We had our first family worship time last night. Pastor Way sent me his sermon on Family Worship a few weeks ago and I fell under heavy conviction listening to his precious message. I had to admit I was a pretty wimpy spiritual leader in my family the first time around. I had to take responsiblility for the poor choices my daughters have made. I apologized to my wife and comitted with God's grace to be the leader God intends fathers to be. Last night was a great blessing as we read the Word, took prayer requests, prayed and gave thanks.

I have been invited to go and preach at one of the Lutheran churches in town this Lord's Day. I am preaching on Phillipians 4:6ff and overcoming fear. Yesterday my five year old gave me my illustration for being thankful in all things.
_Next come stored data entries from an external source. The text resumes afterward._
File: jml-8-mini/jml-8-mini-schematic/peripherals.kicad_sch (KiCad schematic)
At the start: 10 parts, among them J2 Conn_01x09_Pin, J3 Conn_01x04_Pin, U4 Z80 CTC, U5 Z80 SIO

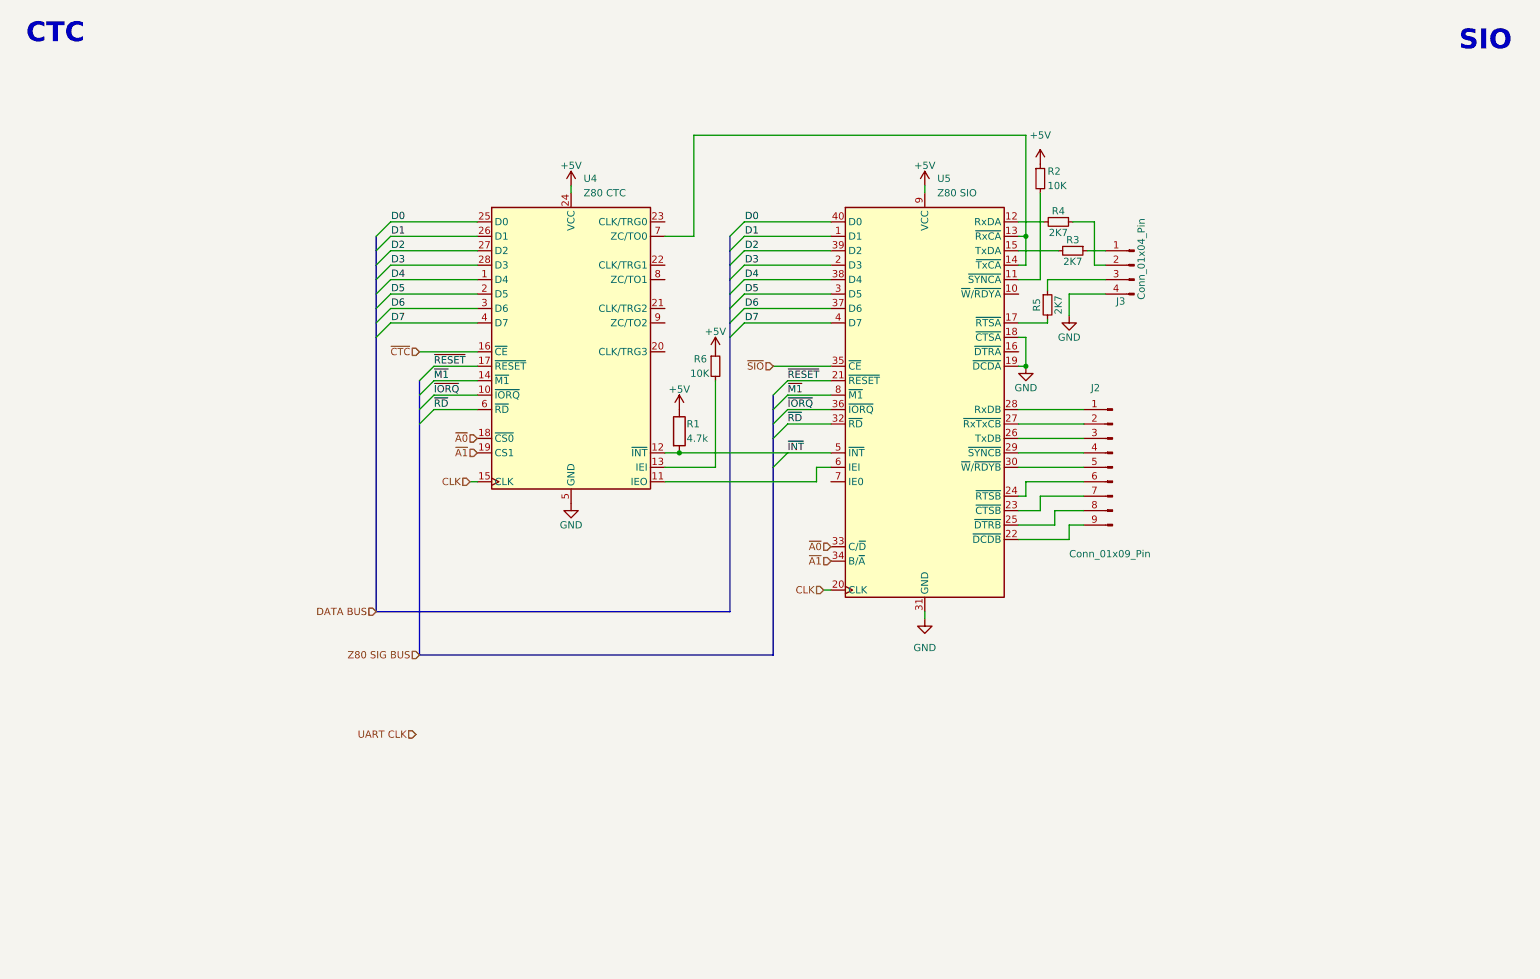
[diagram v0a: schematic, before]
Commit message: lots of changes to schematic, redone to make easier to read and add to
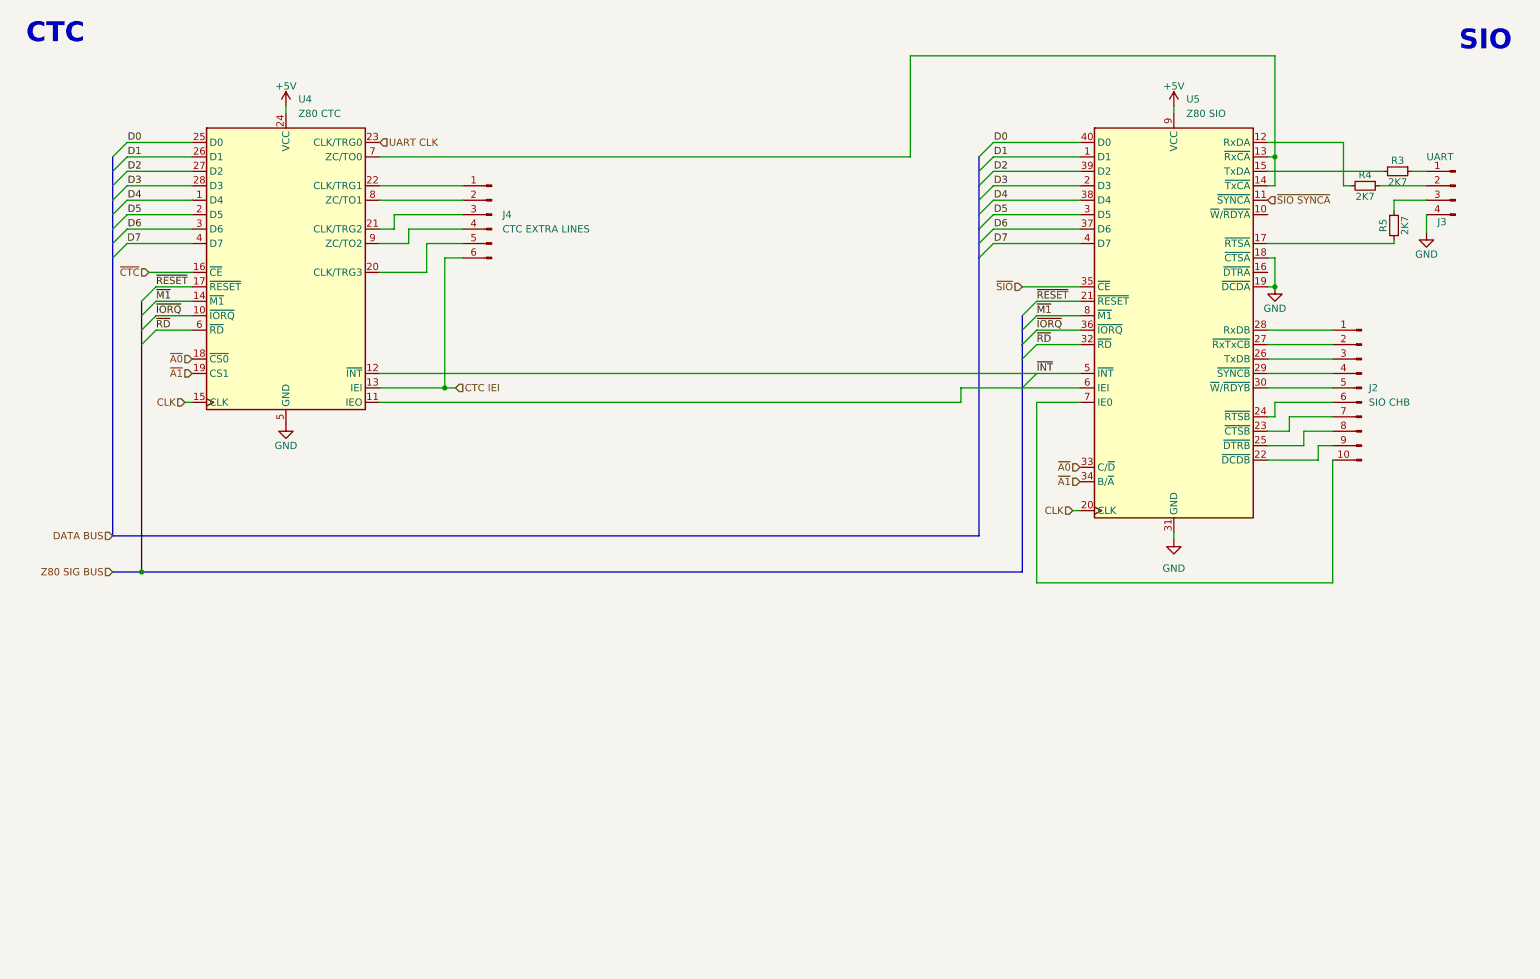
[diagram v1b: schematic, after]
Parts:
- removed J2: Conn_01x09_Pin, symbol Connector:Conn_01x09_Pin
- removed R1: 4.7k, symbol Device:R
- removed R2, R6: 10K, symbol Device:R_Small
- added J2: SIO CHB, symbol Connector:Conn_01x10_Pin
- added J4: CTC EXTRA LINES, symbol Connector:Conn_01x06_Pin
- J3: value Conn_01x04_Pin -> UART
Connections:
- net UART CLK: now also U4.23 (CLK/TRG0)
- net at U5.28 (RxDB): now also J2.1 (Pin_1)
- net at U5.27 (~{RxTxCB}): now also J2.2 (Pin_2)
- net at U5.26 (TxDB): now also J2.3 (Pin_3)
- net at U5.29 (~{SYNCB}): now also J2.4 (Pin_4)
- net at U5.30 (~{W}/~{RDYB}): now also J2.5 (Pin_5)
- net at U5.24 (~{RTSB}): now also J2.6 (Pin_6)
- net at U5.23 (~{CTSB}): now also J2.7 (Pin_7)
- net at U5.25 (~{DTRB}): now also J2.8 (Pin_8)
- net at U5.22 (~{DCDB}): now also J2.9 (Pin_9)
- net CTC IEI: now reaches U4.13 (IEI)
- net CTC IEI: now also J4.6 (Pin_6)
- net ~{SIO SYNCA}: now reaches U5.11 (~{SYNCA})
- net at U5.7 (IE0): now also J2.10 (Pin_10)
- net at U4.20 (CLK/TRG3): now also J4.5 (Pin_5)
- net at U4.21 (CLK/TRG2): now also J4.3 (Pin_3)
- net at U4.22 (CLK/TRG1): now also J4.1 (Pin_1)
- net at U4.8 (ZC/TO1): now also J4.2 (Pin_2)
- net at U4.9 (ZC/TO2): now also J4.4 (Pin_4)
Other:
- moved on the sheet: J3, R3, R5, U4, U5

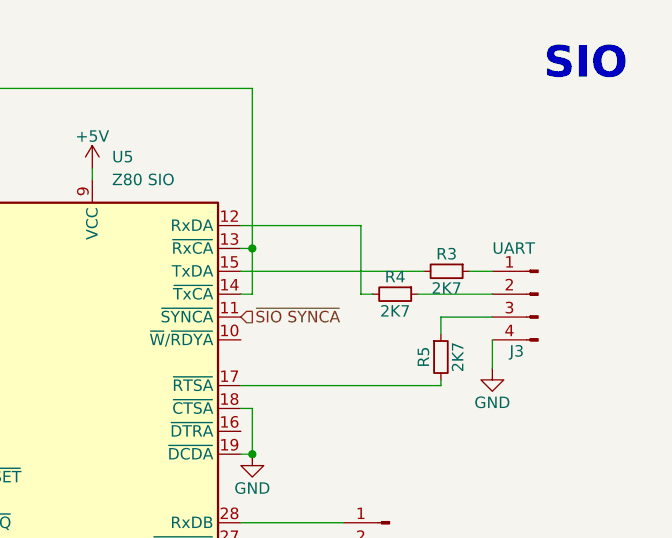
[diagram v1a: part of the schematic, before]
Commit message: updates to schematic, generally making formatting better
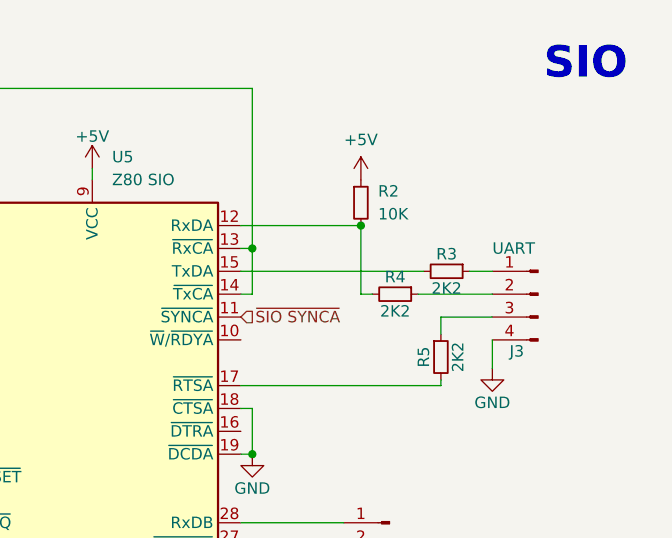
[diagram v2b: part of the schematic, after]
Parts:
- added R2: 10K, symbol Device:R_Small
- R3, R4, R5: value 2K7 -> 2K2
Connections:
- net +5V: now also R2.1
- net at R4.2, U5.12 (RxDA): now also R2.2
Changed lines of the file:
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@@
 (kicad_sch (version 20230121) (generator eeschema)
   (paper "A4")
+  (junction (at 248.285 38.735) (diameter 0) (color 0 0 0 0)
+  )
   (junction (at 236.22 41.275) (diameter 0) (color 0 0 0 0)
   )
@@
       (effects (font (size 1.27 1.27)))
     )
-    (property "Value" "2K7" (at 252.095 48.26 90)
+    (property "Value" "2K2" (at 252.095 48.26 90)
       (effects (font (size 1.27 1.27)))
     )
@@
     )
   )
+  (symbol (lib_id "Device:R_Small") (at 248.285 36.195 0) (unit 1)
+    (in_bom yes) (on_board yes) (dnp no) (fields_autoplaced)
+    (property "Reference" "R2" (at 250.19 34.925 0)
+      (effects (font (size 1.27 1.27)) (justify left))
+    )
+    (property "Value" "10K" (at 250.19 37.465 0)
+      (effects (font (size 1.27 1.27)) (justify left))
+    )
+    (property "Footprint" "" (at 248.285 36.195 0)
+      (effects (font (size 1.27 1.27)) hide)
+    )
+    (property "Datasheet" "~" (at 248.285 36.195 0)
+      (effects (font (size 1.27 1.27)) hide)
+    )
+    (pin "1")
+    (pin "2")
+    (instances
+      (project "jml-8-mini"
+        (path "/7f93abb4-2372-4a9e-a664-5edb67349db4/11c4238e-8051-4a00-8608-741a8b831ae1"
+          (reference "R2") (unit 1)
+        )
+      )
+    )
+  )
   (symbol (lib_id "Device:R_Small") (at 257.81 43.815 270) (unit 1)
     (in_bom yes) (on_board yes) (dnp no)
@@
       (effects (font (size 1.27 1.27)))
     )
-    (property "Value" "2K7" (at 257.81 45.72 90)
+    (property "Value" "2K2" (at 257.81 45.72 90)
       (effects (font (size 1.27 1.27)))
     )
@@
     )
   )
+  (symbol (lib_id "power:+5V") (at 248.285 33.655 0) (unit 1)
+    (in_bom yes) (on_board yes) (dnp no) (fields_autoplaced)
+    (property "Reference" "#PWR017" (at 248.285 37.465 0)
+      (effects (font (size 1.27 1.27)) hide)
+    )
+    (property "Value" "+5V" (at 248.285 29.21 0)
+      (effects (font (size 1.27 1.27)))
+    )
+    (property "Footprint" "" (at 248.285 33.655 0)
+      (effects (font (size 1.27 1.27)) hide)
+    )
+    (property "Datasheet" "" (at 248.285 33.655 0)
+      (effects (font (size 1.27 1.27)) hide)
+    )
+    (pin "1")
+    (instances
+      (project "jml-8-mini"
+        (path "/7f93abb4-2372-4a9e-a664-5edb67349db4/11c4238e-8051-4a00-8608-741a8b831ae1"
+          (reference "#PWR017") (unit 1)
+        )
+      )
+    )
+  )
   (symbol (lib_id "power:GND") (at 262.89 54.61 0) (unit 1)
     (in_bom yes) (on_board yes) (dnp no)
@@
       (effects (font (size 1.27 1.27)))
     )
-    (property "Value" "2K7" (at 259.08 53.34 90)
-      (effects (font (size 1.27 1.27)))
-    )
+    (property "Value" "2K2" (at 259.08 53.34 90)
+      (effects (font (size 1.27 1.27)))
+    )

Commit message: minor updates to schematic
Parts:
- removed R5: 2K2, symbol Device:R_Small
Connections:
- net GND: now also J3.3 (Pin_3)
- no-connect marks 0 -> 3
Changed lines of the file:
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@@
 (kicad_sch (version 20230121) (generator eeschema)
   (paper "A4")
+  (junction (at 262.89 51.435) (diameter 0) (color 0 0 0 0)
+  )
   (junction (at 248.285 38.735) (diameter 0) (color 0 0 0 0)
   )
@@
   (junction (at 236.22 64.135) (diameter 0) (color 0 0 0 0)
   )
+  (no_connect (at 234.95 61.595))
+  (no_connect (at 234.95 56.515))
+  (no_connect (at 234.95 51.435))
   (bus_entry (at 186.69 56.515) (size -2.54 2.54)
     (stroke (width 0) (type default))
@@
     (stroke (width 0) (type default))
   )
+  (wire (pts (xy 262.89 48.895) (xy 262.89 51.435))
+    (stroke (width 0) (type default))
+  )
   (wire (pts (xy 201.93 38.735) (xy 186.69 38.735))
     (stroke (width 0) (type default))
@@
     (stroke (width 0) (type default))
   )
-  (wire (pts (xy 257.175 48.895) (xy 262.89 48.895))
-    (stroke (width 0) (type default))
-  )
   (wire (pts (xy 236.22 64.135) (xy 234.95 64.135))
     (stroke (width 0) (type default))
@@
     (stroke (width 0) (type default))
   )
-  (wire (pts (xy 234.95 56.515) (xy 257.175 56.515))
-    (stroke (width 0) (type default))
-  )
   (wire (pts (xy 234.95 38.735) (xy 248.285 38.735))
     (stroke (width 0) (type default))
@@
     (stroke (width 0) (type default))
   )
-  (wire (pts (xy 257.175 56.515) (xy 257.175 55.88))
-    (stroke (width 0) (type default))
-  )
   (wire (pts (xy 81.28 51.435) (xy 93.345 51.435))
     (stroke (width 0) (type default))
@@
   )
   (bus (pts (xy 31.75 114.3) (xy 36.83 114.3))
-    (stroke (width 0) (type default))
-  )
-  (wire (pts (xy 257.175 50.8) (xy 257.175 48.895))
     (stroke (width 0) (type default))
   )
@@
         )
       )
-    )
-  )
-  (symbol (lib_id "Device:R_Small") (at 257.175 53.34 0) (unit 1)
-    (in_bom yes) (on_board yes) (dnp no)
-    (property "Reference" "R5" (at 255.27 53.34 90)
-      (effects (font (size 1.27 1.27)))
-    )
-    (property "Value" "2K2" (at 259.08 53.34 90)
-      (effects (font (size 1.27 1.27)))
-    )
-    (property "Footprint" "" (at 257.175 53.34 0)
-      (effects (font (size 1.27 1.27)) hide)
-    )
-    (property "Datasheet" "~" (at 257.175 53.34 0)
-      (effects (font (size 1.27 1.27)) hide)
-    )
-    (pin "1")
-    (pin "2")
-    (instances
-      (project "jml-8-mini"
-        (path "/7f93abb4-2372-4a9e-a664-5edb67349db4"
-          (reference "R5") (unit 1)
-        )
-        (path "/7f93abb4-2372-4a9e-a664-5edb67349db4/11c4238e-8051-4a00-8608-741a8b831ae1"
-          (reference "R4") (unit 1)
-        )
-      )

Aalyia is frightened of bugs. She was helping me clean the pool. (Actually, I was vacuuming and she was plunging a brush up and down in the water. I said "What are you doing?" She said, "Cleaning the water, I see my mama do this". I said, "Really, you had a pool?" She said "No, this how she clean the toilet." Back to the illustration.

She saw a dead earwig in the water and gave out a panicked scream. "Get this NASTY bug out of here!!" I walked over with the skimmer, sweeped up the dead bug and cast it outside the pool. She watched it fall and shouted, "Oh thank you LAWD Jesus!"

I chuckled and then agreed with her praise. I was thinking it was just the quaint musing of a five year old - a little girl who comes from a culture where outbursts of praise are instant, vocal and bodacious.

Then the Lord brought to mind that which I had read in the text for the sermon. To me it was a dead bug but to her it was the source of great anxiety in that circumstance. To me it was nothing to walk over and skim the pest out of the pool but to her, my arms and the skimmer were moved by the one through whom all things were made, the Lord God Creator of the universe, the Alpha and Omega, the Omnipotent Judge of all men, the All Powerful Redeemer reached into our pool and soothed her fear. She gave out with the only appropriate response and I will add, the commanded response in that situation. "Thank you LAWD Jesus!!!" "In EVERYTHING by prayer...with THANKSGIVING...." Let it be instant, vocal and bodacious.

1 Thess. 5:16ff Rejoice always, pray without ceasing, give thanks in all circumstances; for this is the will of God in Christ Jesus for you."


----------



## gwine (Sep 10, 2005)

I am happy to hear that things have started well for you, Bob. It is truly amazing how it has gone the past couple of weeks. I know I would never have had your patience.

Debbie and I will keep you in our prayers.


----------



## pastorway (Sep 10, 2005)

amen and amen!! 

We are continuing to keep you in our prayers, too.

Phillip


----------



## VirginiaHuguenot (Sep 10, 2005)

and 

Bob, How wonderful it is and what an encouragement it is to hear your testimonial. May God continue to richly bless your family!

"As for me and my house we will serve the Lord." Joshua 24.15


----------